---
title: 'OAuth token refresh races'
date: '2026-01-08'
tags: ['oauth', 'postgres', 'integrations']
description: 'Two requests, one refresh token, and a partner integration that worked 99.9% of the time.'
robots: index, follow
sitemap:
  lastmod: 2026-01-08
ogImage:
  props:
    title: 'OAuth token refresh races'
    description: 'Two requests, one refresh token, and a partner integration that worked 99.9% of the time.'
---

# OAuth token refresh races

We had a partner integration that was "basically fine." Support tickets were rare. Metrics looked green. The kind of integration you forget exists until a customer forwards you a screenshot at 6pm on a Friday.

The screenshot showed our product failing to sync their external account. The error message was helpfully vague: **Authentication failed.**

## What we thought we knew

Our OAuth flow was standard:

- Access token stored per connection
- Refresh when expired
- Retry the upstream call once after refresh

We had done this on three other integrations without drama. Same library, same pattern, same `expires_at` column in Postgres.

What we did not have was a lock.

## The race

Two background jobs for the same connection can run at the same time. That part is normal. What is less normal is both jobs noticing the access token is expired within the same few hundred milliseconds.

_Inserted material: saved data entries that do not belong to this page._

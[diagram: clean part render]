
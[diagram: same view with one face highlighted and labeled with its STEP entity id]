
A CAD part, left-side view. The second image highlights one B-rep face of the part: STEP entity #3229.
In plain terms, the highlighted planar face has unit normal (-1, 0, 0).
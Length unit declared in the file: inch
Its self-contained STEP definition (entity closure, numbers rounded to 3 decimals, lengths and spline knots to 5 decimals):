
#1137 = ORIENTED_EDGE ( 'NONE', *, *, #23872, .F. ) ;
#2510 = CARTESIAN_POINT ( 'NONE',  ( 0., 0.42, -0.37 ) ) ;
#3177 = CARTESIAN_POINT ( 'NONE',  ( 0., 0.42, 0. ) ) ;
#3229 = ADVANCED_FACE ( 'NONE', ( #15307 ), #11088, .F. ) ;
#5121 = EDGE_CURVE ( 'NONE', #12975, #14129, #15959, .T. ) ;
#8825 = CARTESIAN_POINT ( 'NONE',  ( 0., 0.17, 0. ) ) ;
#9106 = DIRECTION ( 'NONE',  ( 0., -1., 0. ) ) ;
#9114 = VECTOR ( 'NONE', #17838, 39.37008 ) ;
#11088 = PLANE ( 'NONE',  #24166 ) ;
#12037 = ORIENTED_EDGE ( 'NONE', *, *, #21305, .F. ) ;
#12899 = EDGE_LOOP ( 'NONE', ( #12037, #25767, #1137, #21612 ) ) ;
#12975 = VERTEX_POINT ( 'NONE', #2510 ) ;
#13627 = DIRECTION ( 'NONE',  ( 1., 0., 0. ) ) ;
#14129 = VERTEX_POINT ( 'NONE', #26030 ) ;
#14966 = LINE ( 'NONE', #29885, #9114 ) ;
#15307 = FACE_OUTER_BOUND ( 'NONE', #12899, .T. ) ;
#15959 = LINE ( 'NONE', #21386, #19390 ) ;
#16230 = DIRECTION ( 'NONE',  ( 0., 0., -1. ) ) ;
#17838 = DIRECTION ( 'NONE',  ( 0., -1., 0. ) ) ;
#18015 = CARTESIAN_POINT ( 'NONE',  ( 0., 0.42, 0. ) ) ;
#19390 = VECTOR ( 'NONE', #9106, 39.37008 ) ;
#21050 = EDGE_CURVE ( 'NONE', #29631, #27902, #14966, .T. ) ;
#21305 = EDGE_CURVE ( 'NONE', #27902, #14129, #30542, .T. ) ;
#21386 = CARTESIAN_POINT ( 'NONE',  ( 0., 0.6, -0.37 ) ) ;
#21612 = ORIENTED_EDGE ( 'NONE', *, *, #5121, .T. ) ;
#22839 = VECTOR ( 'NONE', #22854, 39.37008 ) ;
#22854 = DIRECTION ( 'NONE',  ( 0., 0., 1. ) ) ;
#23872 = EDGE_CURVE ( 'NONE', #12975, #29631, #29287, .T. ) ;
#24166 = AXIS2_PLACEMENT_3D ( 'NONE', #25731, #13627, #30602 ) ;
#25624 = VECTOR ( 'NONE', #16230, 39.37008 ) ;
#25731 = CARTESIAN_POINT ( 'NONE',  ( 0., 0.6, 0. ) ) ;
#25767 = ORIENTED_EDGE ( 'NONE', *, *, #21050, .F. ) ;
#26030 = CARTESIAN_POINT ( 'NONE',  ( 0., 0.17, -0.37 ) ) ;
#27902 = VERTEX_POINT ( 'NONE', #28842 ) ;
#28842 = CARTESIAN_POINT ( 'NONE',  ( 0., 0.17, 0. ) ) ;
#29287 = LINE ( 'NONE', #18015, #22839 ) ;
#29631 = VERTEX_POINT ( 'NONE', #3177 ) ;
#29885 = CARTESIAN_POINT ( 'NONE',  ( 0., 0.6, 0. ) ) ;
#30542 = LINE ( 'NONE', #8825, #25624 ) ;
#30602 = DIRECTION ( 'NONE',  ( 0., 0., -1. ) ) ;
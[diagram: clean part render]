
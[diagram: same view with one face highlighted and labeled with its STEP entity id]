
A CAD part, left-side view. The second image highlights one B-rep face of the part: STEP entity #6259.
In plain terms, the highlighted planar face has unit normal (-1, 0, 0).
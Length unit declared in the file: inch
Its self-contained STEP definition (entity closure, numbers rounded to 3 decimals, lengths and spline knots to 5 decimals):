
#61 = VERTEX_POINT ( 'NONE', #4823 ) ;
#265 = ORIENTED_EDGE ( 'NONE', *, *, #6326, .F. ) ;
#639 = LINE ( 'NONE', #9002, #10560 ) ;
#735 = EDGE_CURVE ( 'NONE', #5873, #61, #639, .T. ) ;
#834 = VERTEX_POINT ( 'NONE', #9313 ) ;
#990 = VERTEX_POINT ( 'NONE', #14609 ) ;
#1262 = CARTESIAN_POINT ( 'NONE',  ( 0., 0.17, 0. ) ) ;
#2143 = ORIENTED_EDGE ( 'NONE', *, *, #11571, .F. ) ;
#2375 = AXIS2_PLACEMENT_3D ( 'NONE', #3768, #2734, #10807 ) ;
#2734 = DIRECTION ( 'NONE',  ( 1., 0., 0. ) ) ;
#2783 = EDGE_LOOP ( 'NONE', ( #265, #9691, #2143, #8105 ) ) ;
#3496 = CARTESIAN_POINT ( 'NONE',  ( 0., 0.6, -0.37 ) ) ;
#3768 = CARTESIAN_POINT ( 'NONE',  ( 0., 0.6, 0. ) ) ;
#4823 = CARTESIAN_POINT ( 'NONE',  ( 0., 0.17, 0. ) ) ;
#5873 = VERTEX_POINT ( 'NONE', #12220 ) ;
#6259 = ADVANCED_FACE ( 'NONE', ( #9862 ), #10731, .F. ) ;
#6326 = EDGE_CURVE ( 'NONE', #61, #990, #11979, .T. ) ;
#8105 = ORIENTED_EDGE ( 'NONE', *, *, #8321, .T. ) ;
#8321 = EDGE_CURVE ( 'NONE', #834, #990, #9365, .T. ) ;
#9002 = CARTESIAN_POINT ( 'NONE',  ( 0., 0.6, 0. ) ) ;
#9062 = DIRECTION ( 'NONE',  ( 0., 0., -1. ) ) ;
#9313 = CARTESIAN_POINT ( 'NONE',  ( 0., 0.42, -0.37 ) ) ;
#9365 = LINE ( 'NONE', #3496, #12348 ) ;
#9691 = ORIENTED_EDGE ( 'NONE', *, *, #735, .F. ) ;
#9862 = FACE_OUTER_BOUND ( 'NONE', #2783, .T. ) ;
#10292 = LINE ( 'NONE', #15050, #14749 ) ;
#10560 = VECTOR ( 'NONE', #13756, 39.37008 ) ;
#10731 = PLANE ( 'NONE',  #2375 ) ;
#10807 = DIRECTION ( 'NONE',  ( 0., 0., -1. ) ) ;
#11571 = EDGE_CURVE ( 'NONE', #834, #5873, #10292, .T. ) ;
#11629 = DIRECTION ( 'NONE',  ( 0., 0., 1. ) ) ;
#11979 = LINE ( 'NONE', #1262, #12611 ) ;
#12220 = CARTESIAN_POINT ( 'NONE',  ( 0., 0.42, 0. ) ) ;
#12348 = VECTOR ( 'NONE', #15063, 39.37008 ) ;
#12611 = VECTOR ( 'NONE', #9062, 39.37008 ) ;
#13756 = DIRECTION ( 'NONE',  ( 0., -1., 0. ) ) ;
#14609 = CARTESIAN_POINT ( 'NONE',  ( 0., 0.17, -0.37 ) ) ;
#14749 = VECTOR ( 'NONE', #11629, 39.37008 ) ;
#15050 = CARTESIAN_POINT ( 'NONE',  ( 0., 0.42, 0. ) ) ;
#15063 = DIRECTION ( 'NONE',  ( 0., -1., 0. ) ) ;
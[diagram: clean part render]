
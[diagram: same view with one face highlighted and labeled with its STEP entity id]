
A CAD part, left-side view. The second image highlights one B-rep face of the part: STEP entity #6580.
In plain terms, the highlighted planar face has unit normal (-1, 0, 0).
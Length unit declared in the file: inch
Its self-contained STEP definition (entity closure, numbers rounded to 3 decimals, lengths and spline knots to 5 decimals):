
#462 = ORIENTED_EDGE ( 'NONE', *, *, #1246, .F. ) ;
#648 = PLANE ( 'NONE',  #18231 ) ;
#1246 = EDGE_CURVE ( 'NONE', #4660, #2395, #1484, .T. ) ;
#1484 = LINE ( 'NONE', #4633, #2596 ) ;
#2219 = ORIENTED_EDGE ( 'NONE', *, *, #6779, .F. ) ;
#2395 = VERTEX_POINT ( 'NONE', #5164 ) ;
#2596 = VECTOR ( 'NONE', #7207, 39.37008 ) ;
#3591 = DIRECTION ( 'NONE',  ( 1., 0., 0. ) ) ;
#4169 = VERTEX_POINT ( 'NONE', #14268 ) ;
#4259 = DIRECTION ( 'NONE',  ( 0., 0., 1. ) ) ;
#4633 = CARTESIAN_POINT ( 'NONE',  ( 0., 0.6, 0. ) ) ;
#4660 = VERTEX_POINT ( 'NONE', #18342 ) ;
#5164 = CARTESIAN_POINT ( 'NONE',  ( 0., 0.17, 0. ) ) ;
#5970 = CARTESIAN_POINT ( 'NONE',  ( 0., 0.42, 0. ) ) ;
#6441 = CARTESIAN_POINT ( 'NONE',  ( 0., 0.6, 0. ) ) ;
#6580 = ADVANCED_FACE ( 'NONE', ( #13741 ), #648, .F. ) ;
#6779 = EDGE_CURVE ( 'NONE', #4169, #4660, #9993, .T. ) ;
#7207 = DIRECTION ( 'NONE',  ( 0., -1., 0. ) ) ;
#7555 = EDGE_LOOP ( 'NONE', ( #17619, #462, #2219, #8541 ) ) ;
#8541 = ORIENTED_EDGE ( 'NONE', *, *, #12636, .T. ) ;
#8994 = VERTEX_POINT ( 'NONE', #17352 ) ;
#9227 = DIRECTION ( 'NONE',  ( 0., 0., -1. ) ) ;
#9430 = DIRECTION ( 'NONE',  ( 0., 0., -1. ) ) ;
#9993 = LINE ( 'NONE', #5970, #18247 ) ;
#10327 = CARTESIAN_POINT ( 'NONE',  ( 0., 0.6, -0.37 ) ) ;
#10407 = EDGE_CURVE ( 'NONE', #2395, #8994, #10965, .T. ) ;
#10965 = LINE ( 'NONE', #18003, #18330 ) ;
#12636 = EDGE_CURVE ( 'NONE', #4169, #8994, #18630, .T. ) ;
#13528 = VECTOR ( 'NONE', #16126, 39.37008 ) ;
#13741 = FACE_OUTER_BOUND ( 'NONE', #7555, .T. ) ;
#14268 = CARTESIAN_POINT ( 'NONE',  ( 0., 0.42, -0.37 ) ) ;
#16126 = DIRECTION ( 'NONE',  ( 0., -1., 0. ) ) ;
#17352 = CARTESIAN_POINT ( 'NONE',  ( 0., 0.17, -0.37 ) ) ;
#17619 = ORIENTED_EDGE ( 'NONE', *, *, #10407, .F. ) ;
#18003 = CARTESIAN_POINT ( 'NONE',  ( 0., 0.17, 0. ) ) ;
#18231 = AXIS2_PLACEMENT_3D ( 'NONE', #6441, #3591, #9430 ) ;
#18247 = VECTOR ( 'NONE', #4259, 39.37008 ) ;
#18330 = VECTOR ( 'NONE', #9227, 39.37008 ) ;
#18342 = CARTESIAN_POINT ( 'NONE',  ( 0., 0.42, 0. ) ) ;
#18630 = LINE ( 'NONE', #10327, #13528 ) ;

Both jobs call refresh. OAuth providers typically invalidate the old refresh token when they issue a new one. Job A wins. Job B gets a 400 and marks the connection as broken.

From the user's perspective the integration "randomly broke."

```typescript [refresh-access-token.ts]
const refreshAccessToken = async (connectionId: string) => {
  const connection = await db.connections.find(connectionId)

  if (connection.expiresAt > Date.now()) {
    return connection.accessToken
  }

  const tokens = await oauthClient.refresh(connection.refreshToken)

  await db.connections.update(connectionId, {
    accessToken: tokens.accessToken,
    refreshToken: tokens.refreshToken,
    expiresAt: tokens.expiresAt,
  })

  return tokens.accessToken
}
```

Looks reasonable. Ships to prod all the time. Still wrong.

## The fix we should have shipped first

We added a per-connection advisory lock around refresh:

```typescript [refresh-access-token.ts]
const refreshAccessToken = async (connectionId: string) => {
  return await withConnectionLock(connectionId, async () => {
    const connection = await db.connections.find(connectionId)

    if (connection.expiresAt > Date.now()) {
      return connection.accessToken
    }

    const tokens = await oauthClient.refresh(connection.refreshToken)

    await db.connections.update(connectionId, {
      accessToken: tokens.accessToken,
      refreshToken: tokens.refreshToken,
      expiresAt: tokens.expiresAt,
    })

    return tokens.accessToken
  })
}
```

Job B now waits, reads the freshly updated token, and moves on. Boring. Correct.

We also started storing `refreshingAt` as a belt-and-suspenders guard for environments where advisory locks are annoying to reason about in tests.

## What we learned after

**Refresh is a mutation, not a read.** Treat it like a payment capture or inventory decrement. You would not let two checkout flows decrement stock without coordination.

**"It works in staging" is not a OAuth strategy.** Staging has one fake connection and a human clicking buttons. Production has cron, webhooks, and users mashing retry.

**Log the refresh outcome, not just the API call.** We added structured logs with `connectionId`, `jobId`, and whether we hit refresh or cache. Support can answer tickets without waking me up.

The integration went back to being the kind you forget exists. That is the goal.